§ EXERCISE REQUIREMENTS
Your response should contain only the lines running from the top of the data below through the line with "VDINR_CurDriverTqReq_Nm : Inport", both included. Pictures must be omitted.

§ THE DATA
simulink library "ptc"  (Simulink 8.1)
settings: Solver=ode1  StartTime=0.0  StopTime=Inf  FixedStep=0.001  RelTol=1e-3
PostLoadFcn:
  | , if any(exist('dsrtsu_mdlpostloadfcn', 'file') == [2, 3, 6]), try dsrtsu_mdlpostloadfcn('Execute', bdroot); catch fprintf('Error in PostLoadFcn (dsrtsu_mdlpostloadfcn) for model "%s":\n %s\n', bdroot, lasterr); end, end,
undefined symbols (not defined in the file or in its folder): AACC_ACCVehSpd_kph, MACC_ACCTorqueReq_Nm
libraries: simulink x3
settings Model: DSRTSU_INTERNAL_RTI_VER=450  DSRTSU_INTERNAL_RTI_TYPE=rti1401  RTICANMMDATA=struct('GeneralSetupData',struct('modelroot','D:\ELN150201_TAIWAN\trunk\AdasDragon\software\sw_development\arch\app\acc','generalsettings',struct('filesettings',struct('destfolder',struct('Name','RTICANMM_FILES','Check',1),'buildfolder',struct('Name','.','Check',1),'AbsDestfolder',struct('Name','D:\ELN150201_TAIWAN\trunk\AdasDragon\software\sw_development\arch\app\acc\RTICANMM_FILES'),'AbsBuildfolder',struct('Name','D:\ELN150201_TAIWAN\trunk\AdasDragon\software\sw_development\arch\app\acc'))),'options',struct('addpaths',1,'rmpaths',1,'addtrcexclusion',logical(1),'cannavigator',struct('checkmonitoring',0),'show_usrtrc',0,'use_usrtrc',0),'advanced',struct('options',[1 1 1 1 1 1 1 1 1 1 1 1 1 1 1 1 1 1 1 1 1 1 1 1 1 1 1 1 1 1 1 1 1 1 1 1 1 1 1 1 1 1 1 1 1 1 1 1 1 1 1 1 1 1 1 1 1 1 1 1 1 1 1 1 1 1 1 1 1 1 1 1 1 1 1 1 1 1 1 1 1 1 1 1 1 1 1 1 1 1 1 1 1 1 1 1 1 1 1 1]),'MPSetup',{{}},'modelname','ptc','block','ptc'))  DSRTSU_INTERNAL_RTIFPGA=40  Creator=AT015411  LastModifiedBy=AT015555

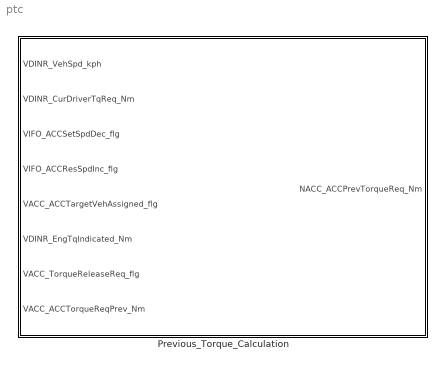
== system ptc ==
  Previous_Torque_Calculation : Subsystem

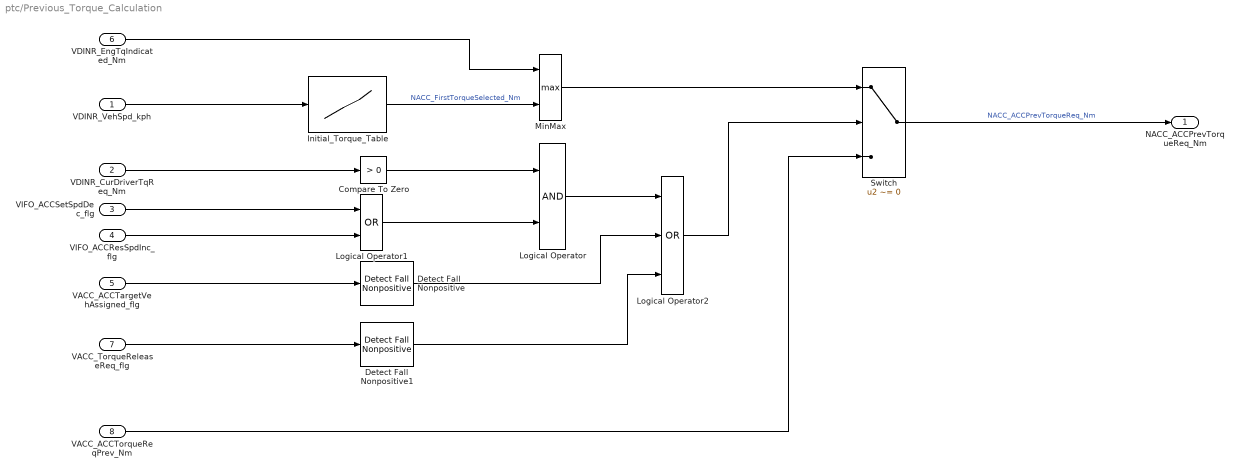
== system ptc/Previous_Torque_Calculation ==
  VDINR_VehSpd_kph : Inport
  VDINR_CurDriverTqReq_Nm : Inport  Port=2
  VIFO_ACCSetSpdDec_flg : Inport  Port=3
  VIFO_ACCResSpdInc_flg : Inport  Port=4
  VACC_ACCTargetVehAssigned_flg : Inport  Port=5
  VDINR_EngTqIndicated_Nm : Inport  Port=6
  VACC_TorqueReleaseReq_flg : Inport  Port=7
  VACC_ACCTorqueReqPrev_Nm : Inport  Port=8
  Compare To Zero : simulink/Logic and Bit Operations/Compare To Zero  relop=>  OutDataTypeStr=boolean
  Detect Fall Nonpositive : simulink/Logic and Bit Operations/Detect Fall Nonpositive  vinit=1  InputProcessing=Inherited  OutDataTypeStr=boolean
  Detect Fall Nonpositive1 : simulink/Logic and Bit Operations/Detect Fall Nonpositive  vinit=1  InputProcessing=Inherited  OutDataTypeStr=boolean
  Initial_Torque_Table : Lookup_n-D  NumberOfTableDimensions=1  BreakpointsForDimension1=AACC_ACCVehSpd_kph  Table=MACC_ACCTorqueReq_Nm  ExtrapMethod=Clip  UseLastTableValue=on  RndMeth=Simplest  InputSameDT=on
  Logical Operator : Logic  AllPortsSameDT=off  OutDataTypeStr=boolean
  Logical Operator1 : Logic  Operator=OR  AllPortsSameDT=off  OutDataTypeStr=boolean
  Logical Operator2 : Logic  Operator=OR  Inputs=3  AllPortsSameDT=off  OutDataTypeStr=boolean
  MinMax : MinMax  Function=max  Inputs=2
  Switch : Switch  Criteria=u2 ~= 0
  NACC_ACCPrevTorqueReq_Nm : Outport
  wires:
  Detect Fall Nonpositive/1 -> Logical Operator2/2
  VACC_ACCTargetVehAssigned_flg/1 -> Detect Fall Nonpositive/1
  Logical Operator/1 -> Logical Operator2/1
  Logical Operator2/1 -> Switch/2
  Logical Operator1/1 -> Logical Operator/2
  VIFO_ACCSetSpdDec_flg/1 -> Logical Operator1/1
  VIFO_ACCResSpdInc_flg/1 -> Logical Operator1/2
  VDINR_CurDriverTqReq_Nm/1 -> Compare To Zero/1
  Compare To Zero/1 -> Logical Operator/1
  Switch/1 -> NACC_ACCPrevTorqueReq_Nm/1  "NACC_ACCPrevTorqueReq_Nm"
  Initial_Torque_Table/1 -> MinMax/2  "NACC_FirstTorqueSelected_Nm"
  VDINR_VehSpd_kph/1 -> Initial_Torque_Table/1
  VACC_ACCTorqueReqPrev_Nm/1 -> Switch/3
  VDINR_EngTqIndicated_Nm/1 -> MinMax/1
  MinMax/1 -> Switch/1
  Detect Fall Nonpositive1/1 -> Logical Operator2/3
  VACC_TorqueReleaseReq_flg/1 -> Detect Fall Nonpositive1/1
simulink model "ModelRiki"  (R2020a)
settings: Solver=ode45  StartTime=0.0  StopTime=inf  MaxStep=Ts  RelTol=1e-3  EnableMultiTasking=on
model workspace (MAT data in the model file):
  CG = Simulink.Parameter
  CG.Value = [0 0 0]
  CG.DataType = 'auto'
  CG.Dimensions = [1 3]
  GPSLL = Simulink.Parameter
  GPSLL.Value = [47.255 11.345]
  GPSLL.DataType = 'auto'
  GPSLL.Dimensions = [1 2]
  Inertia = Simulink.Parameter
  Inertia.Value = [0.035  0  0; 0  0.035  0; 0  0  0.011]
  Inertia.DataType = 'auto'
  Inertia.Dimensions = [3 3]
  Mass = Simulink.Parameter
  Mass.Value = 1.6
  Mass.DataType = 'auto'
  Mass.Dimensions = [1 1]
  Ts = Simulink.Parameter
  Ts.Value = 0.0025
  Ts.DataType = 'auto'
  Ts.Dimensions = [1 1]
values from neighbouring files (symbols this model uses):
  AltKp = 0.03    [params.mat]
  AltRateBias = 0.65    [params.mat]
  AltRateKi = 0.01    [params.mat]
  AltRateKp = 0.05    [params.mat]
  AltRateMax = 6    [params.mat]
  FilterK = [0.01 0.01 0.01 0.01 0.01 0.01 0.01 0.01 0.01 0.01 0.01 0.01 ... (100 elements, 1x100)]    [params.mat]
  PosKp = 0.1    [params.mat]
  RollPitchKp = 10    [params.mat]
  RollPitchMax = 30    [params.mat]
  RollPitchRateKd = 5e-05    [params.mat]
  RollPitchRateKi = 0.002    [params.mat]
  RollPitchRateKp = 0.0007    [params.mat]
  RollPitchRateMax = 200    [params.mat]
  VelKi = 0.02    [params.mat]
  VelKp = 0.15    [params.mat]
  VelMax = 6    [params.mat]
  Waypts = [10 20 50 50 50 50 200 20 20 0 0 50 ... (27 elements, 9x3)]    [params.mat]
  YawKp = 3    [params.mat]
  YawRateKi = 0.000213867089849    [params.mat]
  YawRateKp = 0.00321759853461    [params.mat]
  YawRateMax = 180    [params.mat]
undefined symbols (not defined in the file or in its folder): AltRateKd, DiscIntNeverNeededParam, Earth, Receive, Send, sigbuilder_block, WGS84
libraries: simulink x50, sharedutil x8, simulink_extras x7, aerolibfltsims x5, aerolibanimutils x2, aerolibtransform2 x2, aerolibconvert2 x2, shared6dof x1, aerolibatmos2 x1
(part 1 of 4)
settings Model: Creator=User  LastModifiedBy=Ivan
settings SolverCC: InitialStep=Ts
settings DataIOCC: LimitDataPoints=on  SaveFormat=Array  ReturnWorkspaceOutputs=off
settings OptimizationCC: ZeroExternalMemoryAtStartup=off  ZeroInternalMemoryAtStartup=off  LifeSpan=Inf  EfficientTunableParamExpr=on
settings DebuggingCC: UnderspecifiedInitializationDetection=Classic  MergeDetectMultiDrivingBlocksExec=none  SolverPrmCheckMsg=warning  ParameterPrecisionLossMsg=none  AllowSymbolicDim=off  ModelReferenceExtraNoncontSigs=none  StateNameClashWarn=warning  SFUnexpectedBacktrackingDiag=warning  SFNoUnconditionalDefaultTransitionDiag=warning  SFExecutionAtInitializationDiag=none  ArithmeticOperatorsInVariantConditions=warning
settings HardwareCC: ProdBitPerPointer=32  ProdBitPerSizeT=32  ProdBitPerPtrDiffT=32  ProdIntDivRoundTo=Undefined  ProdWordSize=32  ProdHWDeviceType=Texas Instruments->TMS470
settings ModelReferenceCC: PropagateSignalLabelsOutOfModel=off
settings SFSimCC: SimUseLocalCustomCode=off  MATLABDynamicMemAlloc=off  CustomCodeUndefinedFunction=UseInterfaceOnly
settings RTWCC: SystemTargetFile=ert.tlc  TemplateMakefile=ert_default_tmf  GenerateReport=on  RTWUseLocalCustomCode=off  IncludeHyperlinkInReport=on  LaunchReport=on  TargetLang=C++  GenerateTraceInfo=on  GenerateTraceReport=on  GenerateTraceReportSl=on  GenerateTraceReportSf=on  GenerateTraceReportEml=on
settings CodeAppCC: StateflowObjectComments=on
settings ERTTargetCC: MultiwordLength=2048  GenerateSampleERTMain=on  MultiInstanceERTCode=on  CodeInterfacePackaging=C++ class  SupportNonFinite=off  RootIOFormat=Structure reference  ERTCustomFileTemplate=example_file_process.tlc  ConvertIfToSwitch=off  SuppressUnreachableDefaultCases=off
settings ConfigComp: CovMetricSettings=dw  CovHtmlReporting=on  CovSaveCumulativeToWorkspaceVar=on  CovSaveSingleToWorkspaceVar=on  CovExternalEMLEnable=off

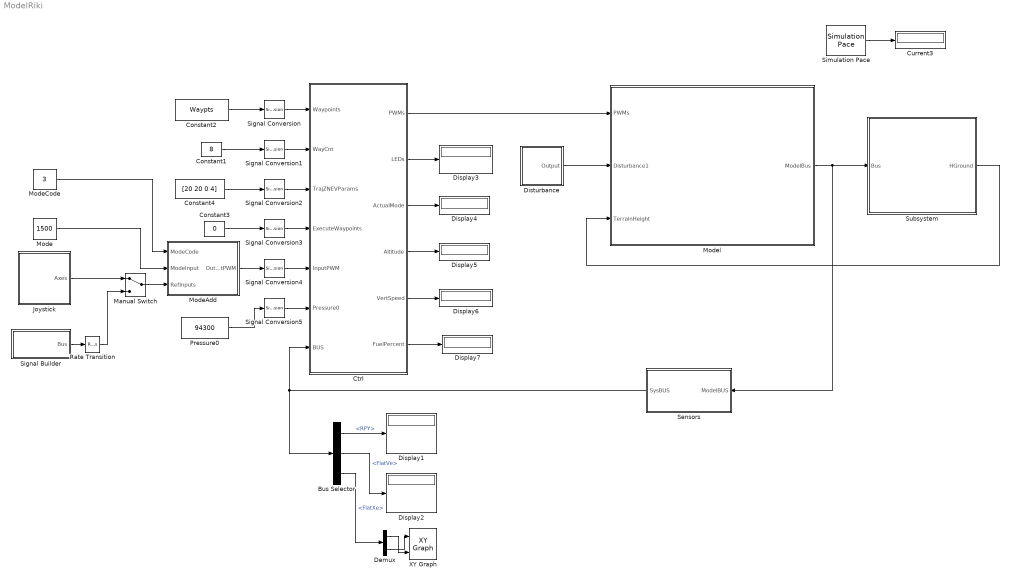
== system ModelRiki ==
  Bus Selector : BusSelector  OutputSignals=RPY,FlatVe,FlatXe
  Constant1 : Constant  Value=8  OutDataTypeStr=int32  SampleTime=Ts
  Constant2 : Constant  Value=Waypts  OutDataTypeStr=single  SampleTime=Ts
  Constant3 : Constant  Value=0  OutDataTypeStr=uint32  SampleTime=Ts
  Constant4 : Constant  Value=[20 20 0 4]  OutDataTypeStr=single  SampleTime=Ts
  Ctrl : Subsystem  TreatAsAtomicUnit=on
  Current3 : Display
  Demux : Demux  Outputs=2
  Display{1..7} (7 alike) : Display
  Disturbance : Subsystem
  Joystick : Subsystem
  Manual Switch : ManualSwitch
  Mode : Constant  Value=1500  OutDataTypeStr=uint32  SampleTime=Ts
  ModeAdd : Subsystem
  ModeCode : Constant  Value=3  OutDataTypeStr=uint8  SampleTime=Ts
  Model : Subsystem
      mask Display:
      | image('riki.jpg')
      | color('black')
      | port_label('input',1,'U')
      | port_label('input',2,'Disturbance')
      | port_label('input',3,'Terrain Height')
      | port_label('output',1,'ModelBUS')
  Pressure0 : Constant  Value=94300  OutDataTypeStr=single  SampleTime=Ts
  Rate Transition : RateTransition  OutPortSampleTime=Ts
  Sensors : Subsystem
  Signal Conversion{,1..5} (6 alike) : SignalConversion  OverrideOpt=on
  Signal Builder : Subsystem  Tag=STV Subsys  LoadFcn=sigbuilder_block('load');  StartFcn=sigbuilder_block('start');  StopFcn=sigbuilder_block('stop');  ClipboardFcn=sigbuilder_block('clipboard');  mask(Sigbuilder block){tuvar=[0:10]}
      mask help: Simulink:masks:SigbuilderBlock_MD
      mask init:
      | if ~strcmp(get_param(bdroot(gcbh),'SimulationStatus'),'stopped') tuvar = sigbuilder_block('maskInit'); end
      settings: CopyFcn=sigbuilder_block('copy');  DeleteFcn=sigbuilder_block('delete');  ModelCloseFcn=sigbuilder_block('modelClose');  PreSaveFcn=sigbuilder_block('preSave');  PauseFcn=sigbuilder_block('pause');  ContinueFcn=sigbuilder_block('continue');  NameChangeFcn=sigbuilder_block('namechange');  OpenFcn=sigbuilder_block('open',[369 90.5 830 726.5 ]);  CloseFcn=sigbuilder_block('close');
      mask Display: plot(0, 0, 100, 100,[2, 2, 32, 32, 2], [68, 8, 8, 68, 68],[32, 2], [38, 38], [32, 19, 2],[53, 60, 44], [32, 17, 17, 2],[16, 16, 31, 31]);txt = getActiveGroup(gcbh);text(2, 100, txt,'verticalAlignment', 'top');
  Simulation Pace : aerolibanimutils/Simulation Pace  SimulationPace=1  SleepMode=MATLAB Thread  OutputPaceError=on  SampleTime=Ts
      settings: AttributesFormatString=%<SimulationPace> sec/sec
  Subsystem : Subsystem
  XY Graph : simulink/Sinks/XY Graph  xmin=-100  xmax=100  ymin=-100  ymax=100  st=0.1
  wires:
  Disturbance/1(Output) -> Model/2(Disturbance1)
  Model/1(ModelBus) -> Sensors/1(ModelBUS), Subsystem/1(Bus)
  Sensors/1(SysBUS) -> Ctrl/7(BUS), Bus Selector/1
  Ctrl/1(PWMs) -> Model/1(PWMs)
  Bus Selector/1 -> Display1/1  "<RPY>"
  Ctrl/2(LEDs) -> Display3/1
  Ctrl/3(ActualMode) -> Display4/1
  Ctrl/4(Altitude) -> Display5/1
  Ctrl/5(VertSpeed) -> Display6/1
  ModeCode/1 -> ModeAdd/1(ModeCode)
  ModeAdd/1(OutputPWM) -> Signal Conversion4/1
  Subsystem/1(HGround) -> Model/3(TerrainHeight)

§ SOLUTION FOR THIS TASK
simulink library "ptc"  (Simulink 8.1)
settings: Solver=ode1  StartTime=0.0  StopTime=Inf  FixedStep=0.001  RelTol=1e-3
PostLoadFcn:
  | , if any(exist('dsrtsu_mdlpostloadfcn', 'file') == [2, 3, 6]), try dsrtsu_mdlpostloadfcn('Execute', bdroot); catch fprintf('Error in PostLoadFcn (dsrtsu_mdlpostloadfcn) for model "%s":\n %s\n', bdroot, lasterr); end, end,
undefined symbols (not defined in the file or in its folder): AACC_ACCVehSpd_kph, MACC_ACCTorqueReq_Nm
libraries: simulink x3
settings Model: DSRTSU_INTERNAL_RTI_VER=450  DSRTSU_INTERNAL_RTI_TYPE=rti1401  RTICANMMDATA=struct('GeneralSetupData',struct('modelroot','D:\ELN150201_TAIWAN\trunk\AdasDragon\software\sw_development\arch\app\acc','generalsettings',struct('filesettings',struct('destfolder',struct('Name','RTICANMM_FILES','Check',1),'buildfolder',struct('Name','.','Check',1),'AbsDestfolder',struct('Name','D:\ELN150201_TAIWAN\trunk\AdasDragon\software\sw_development\arch\app\acc\RTICANMM_FILES'),'AbsBuildfolder',struct('Name','D:\ELN150201_TAIWAN\trunk\AdasDragon\software\sw_development\arch\app\acc'))),'options',struct('addpaths',1,'rmpaths',1,'addtrcexclusion',logical(1),'cannavigator',struct('checkmonitoring',0),'show_usrtrc',0,'use_usrtrc',0),'advanced',struct('options',[1 1 1 1 1 1 1 1 1 1 1 1 1 1 1 1 1 1 1 1 1 1 1 1 1 1 1 1 1 1 1 1 1 1 1 1 1 1 1 1 1 1 1 1 1 1 1 1 1 1 1 1 1 1 1 1 1 1 1 1 1 1 1 1 1 1 1 1 1 1 1 1 1 1 1 1 1 1 1 1 1 1 1 1 1 1 1 1 1 1 1 1 1 1 1 1 1 1 1 1]),'MPSetup',{{}},'modelname','ptc','block','ptc'))  DSRTSU_INTERNAL_RTIFPGA=40  Creator=AT015411  LastModifiedBy=AT015555

== system ptc ==
  Previous_Torque_Calculation : Subsystem

== system ptc/Previous_Torque_Calculation ==
  VDINR_VehSpd_kph : Inport
  VDINR_CurDriverTqReq_Nm : Inport  Port=2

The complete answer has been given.